WHAT TO PRODUCE | Write out exactly the lines of the entries below from the one holding "R=Mx./sqrt(Mx.^2+My.^2+Mz.^2);" to the one holding "PrecZ = -gyro*( Mx*Hy - My*Hx );", inclusive, and leave out all other lines.

Source records:
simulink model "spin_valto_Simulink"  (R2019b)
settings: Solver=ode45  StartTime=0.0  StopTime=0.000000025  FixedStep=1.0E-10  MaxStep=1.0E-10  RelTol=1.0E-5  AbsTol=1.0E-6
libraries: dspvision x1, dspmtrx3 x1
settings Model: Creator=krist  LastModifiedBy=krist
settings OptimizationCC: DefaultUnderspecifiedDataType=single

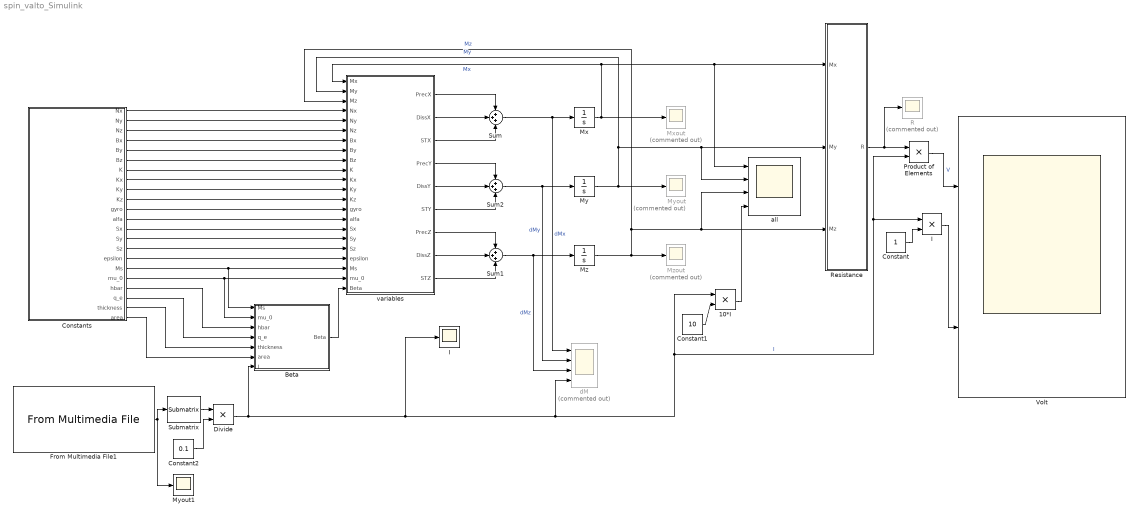
== system spin_valto_Simulink ==
  10*I : Product
  Beta : MATLAB Function  TreatAsAtomicUnit=on
  Constant : Constant
  Constant1 : Constant  Value=10
  Constant2 : Constant  Value=0.1
  Constants : MATLAB Function  TreatAsAtomicUnit=on
  Divide : Product
  From Multimedia File1 : dspvision/From Multimedia File  inputFilename=C:\Users\krist\OneDrive - hallgato.ppke.hu\AnitaSzakdolgozat\code\myrec\myrecordone3_rovid.wav  readRange=[1 Inf]  loop=on  numPlays=1  outputStreams=Audio only  videoDataType=single  audioDataType=double  inheritSampleTime=off  userDefinedSampleTime=1/6000000000  noAudioOutput=off  isIntensityVideo=off  fourcc=RGB  colorVideoFormat=Separate color signals  outputEOF=off  dataOrg=Column-major  audioFrameSize=16  computeAudioFrameSize=off  outSamplingMode=Sample based
      settings: SourceProductName=DSP System Toolbox  SourceProductBaseCode=DS
  I : Scope
  "I " : Product
  Mx : Integrator  InitialCondition=0.0706  AbsoluteTolerance=1.0E-6  IgnoreLimit=on
  Mxout : Scope  Commented=on
  My : Integrator  InitialCondition=0.9950  AbsoluteTolerance=1.0E-6  IgnoreLimit=on
  Myout : Scope  Commented=on
  Myout1 : Scope
  Mz : Integrator  InitialCondition=0.0707  AbsoluteTolerance=1.0E-6
  Mzout : Scope  Commented=on
  Product of Elements : Product
  R : Scope  Commented=on
  Resistance : MATLAB Function  TreatAsAtomicUnit=on
  Submatrix : dspmtrx3/Submatrix  RowSpan=One row  RowStartMode=Index  RowStartIndex=2  RowEndMode=Last  RowEndIndex=1  ColSpan=One column  ColStartMode=First  ColStartIndex=1  ColEndMode=Last  ColEndIndex=1
  Sum : Sum  Inputs=+++
  Sum1 : Sum  Inputs=+++
  Sum2 : Sum  Inputs=+++
  Volt : Scope  NumInputPorts=2
  all : Scope  NumInputPorts=4
  dM : Scope  Commented=on  NumInputPorts=4
  variables : MATLAB Function  TreatAsAtomicUnit=on
  wires:
  Beta/1(Beta) -> variables/22(Beta)
  Constants/19(hbar) -> Beta/3(hbar)
  Constants/20(q_e) -> Beta/4(q_e)
  Constants/21(thickness) -> Beta/5(thickness)
  Constants/22(area) -> Beta/6(area)
  Constants/1(Nx) -> variables/4(Nx)
  Constants/2(Ny) -> variables/5(Ny)
  Constants/3(Nz) -> variables/6(Nz)
  Constants/4(Bx) -> variables/7(Bx)
  Constants/5(By) -> variables/8(By)
  Constants/6(Bz) -> variables/9(Bz)
  Constants/7(K) -> variables/10(K)
  Constants/8(Kx) -> variables/11(Kx)
  Constants/9(Ky) -> variables/12(Ky)
  Constants/10(Kz) -> variables/13(Kz)
  Constants/11(gyro) -> variables/14(gyro)
  Constants/12(alfa) -> variables/15(alfa)
  Constants/13(Sx) -> variables/16(Sx)
  Constants/14(Sy) -> variables/17(Sy)
  Constants/15(Sz) -> variables/18(Sz)
  Constants/16(epsilon) -> variables/19(epsilon)
  variables/1(PrecX) -> Sum/1
  variables/4(PrecY) -> Sum2/1
  variables/7(PrecZ) -> Sum1/1
  variables/2(DissX) -> Sum/2
  variables/5(DissY) -> Sum2/2
  variables/8(DissZ) -> Sum1/2
  variables/3(STX) -> Sum/3
  variables/6(STY) -> Sum2/3
  variables/9(STZ) -> Sum1/3
  Mx/1 -> Mxout/1, Resistance/1(Mx), all/1, variables/1(Mx)  "Mx"
  Sum/1 -> dM/1, Mx/1  "dMx"
  My/1 -> Myout/1, all/2, Resistance/2(My), variables/2(My)  "My"
  Sum2/1 -> dM/2, My/1  "dMy"
  Mz/1 -> Mzout/1, variables/3(Mz), all/3, Resistance/3(Mz)  "Mz"
  Sum1/1 -> dM/3, Mz/1  "dMz"
  Resistance/1(R) -> Product of Elements/1, R/1
  Constants/17(Ms) -> variables/20(Ms), Beta/1(Ms)
  Constants/18(mu_0) -> variables/21(mu_0), Beta/2(mu_0)
  From Multimedia File1/1 -> Submatrix/1, Myout1/1
  Product of Elements/1 -> Volt/1  "V"
  Divide/1 -> I/1, dM/4, "I "/1, Product of Elements/2, 10*I/1, Beta/7(I)  "I"
  "I "/1 -> Volt/2
  Constant/1 -> "I "/2
  Constant1/1 -> 10*I/2
  10*I/1 -> all/4
  Constant2/1 -> Divide/2
  Submatrix/1 -> Divide/1

== matlab function spin_valto_Simulink/Beta ==
  data: Ms input; mu_0 input; hbar input; q_e input; thickness input; area input; I input; Beta output
function Beta  = fcn(Ms, mu_0, hbar, q_e, thickness, area, I)
%#codegen

Beta   = I * hbar / (mu_0*q_e*thickness*area*Ms);

== matlab function spin_valto_Simulink/Constants ==
  data: Nx output; Ny output; Nz output; Bx output; By output; Bz output; K output; Kx output; Ky output; Kz output; gyro output; alfa output; Sx output; Sy output; Sz output; epsilon output; Ms output; mu_0 output; hbar output; q_e output; thickness output; area output
function [Nx,Ny,Nz, Bx,By,Bz, K, Kx,Ky,Kz, gyro, alfa, Sx,Sy,Sz, epsilon, Ms, mu_0, hbar, q_e, thickness, area]= Constants
%#codegen
%The simulation time. Oscillations happen in the GHz range, so simulation
%time should be in the nanosecond range. 
Max_time = 20.0E-9;

%This is material parameter for permalloy (a widely used magnetic material)
%Leave this number unchanged
Ms = 8.6E+5;

%Further physical parameters. Leave them unchanged
gyro = 2.210E+5;
alfa =  0.01;   %This parameter must be fitted
hbar = 1.05457148E-34; 
mu_0 = 4*pi*1.0E-7;
q_e  = 1.60217646E-19; 

%These are parameters describing the geometry
%Nx + Ny + Nz = 1 must hold
%Nz > Nx, Nx=Ny describes a disc
%Use this as this is the simplest possible geometry
Nx = 0.0770;
Ny = 0.0770;
Nz = 0.8459;

K = 5.0E+5;

%This describes the current spin polarization
%Use these numbers for 
Sx = 1.0;
Sy = 0.0;
Sz = 0.0;

%Anisotropy axes
Kx = 0.0;
Ky = 0.0;
Kz = 1.0;

Bx = 0.001;
By = 0.001;
Bz = 0.5;

P           = 0.5; %Spin polarization
Lambda      = 1.5; %Spin-transfer parameter
thickness   = 5.0E-9;
area        = pi*(15.0E-9)^2;
Phi = 1.5;
Theta = 1.5;
Mxinit = cos(Phi)*sin(Theta);
Myinit = sin(Phi)*sin(Theta);
Mzinit = cos(Theta);
epsilon = (P*Lambda^2) / ( (Lambda^2+1) + (Lambda^2-1)*(Mxinit*Sx+Myinit*Sy+Mzinit*Sz) );

== matlab function spin_valto_Simulink/Resistance ==
  data: R output; Mx input; My input; Mz input
function R = Resistance(Mx, My, Mz)
%#codegen

R=Mx./sqrt(Mx.^2+My.^2+Mz.^2);

== matlab function spin_valto_Simulink/variables ==
  data: Mx input; My input; Mz input; Nx input; Ny input; Nz input; Bx input; By input; Bz input; K input; Kx input; Ky input; Kz input; gyro input; alfa input; Sx input; Sy input; Sz input; epsilon input; Ms input; mu_0 input; Beta input; PrecX output; DissX output; STX output; PrecY output; DissY output; STY output; PrecZ output; DissZ output; STZ output
function [PrecX,DissX,STX, PrecY,DissY,STY, PrecZ,DissZ,STZ]= variables(Mx,My,Mz, Nx,Ny,Nz, Bx,By,Bz, K, Kx,Ky,Kz, gyro, alfa, Sx,Sy,Sz, epsilon, Ms, mu_0, Beta)
%#codegen

Hx = -Nx*Mx*Ms + Bx/mu_0 + 2.0*K/(mu_0*Ms)*(Kx*Mx + Ky*My + Kz*Mz) * Kx;
Hy = -Ny*My*Ms + By/mu_0 + 2.0*K/(mu_0*Ms)*(Kx*Mx + Ky*My + Kz*Mz) * Ky;
Hz = -Nz*Mz*Ms + Bz/mu_0 + 2.0*K/(mu_0*Ms)*(Kx*Mx + Ky*My + Kz*Mz) * Kz;

PrecX = -gyro*( My*Hz - Mz*Hy );
PrecY = -gyro*( Mz*Hx - Mx*Hz );
PrecZ = -gyro*( Mx*Hy - My*Hx );

DissX = -alfa*gyro*( My*(Mx*Hy-My*Hx) - Mz*(Mz*Hx-Mx*Hz) );
DissY = -alfa*gyro*( Mz*(My*Hz-Mz*Hy)  - Mx*(Mx*Hy-My*Hx) );
DissZ = -alfa*gyro*( Mx*(Mz*Hx-Mx*Hz) - My*(My*Hz-Mz*Hy) );

STX   = gyro * Beta * epsilon * (My*(Sx*My-Sy*Mx) - Mz*(Sz*Mx-Sx*Mz));
STY   = gyro * Beta * epsilon * (Mz*(Sy*Mz-Sz*My) - Mx*(Sx*My-Sy*Mx));
STZ   = gyro * Beta * epsilon * (Mx*(Sz*Mx-Sx*Mz) - My*(Sy*Mz-Sz*My));

RESULT BELOW |
R=Mx./sqrt(Mx.^2+My.^2+Mz.^2);

== matlab function spin_valto_Simulink/variables ==
  data: Mx input; My input; Mz input; Nx input; Ny input; Nz input; Bx input; By input; Bz input; K input; Kx input; Ky input; Kz input; gyro input; alfa input; Sx input; Sy input; Sz input; epsilon input; Ms input; mu_0 input; Beta input; PrecX output; DissX output; STX output; PrecY output; DissY output; STY output; PrecZ output; DissZ output; STZ output
function [PrecX,DissX,STX, PrecY,DissY,STY, PrecZ,DissZ,STZ]= variables(Mx,My,Mz, Nx,Ny,Nz, Bx,By,Bz, K, Kx,Ky,Kz, gyro, alfa, Sx,Sy,Sz, epsilon, Ms, mu_0, Beta)
%#codegen

Hx = -Nx*Mx*Ms + Bx/mu_0 + 2.0*K/(mu_0*Ms)*(Kx*Mx + Ky*My + Kz*Mz) * Kx;
Hy = -Ny*My*Ms + By/mu_0 + 2.0*K/(mu_0*Ms)*(Kx*Mx + Ky*My + Kz*Mz) * Ky;
Hz = -Nz*Mz*Ms + Bz/mu_0 + 2.0*K/(mu_0*Ms)*(Kx*Mx + Ky*My + Kz*Mz) * Kz;

PrecX = -gyro*( My*Hz - Mz*Hy );
PrecY = -gyro*( Mz*Hx - Mx*Hz );
PrecZ = -gyro*( Mx*Hy - My*Hx );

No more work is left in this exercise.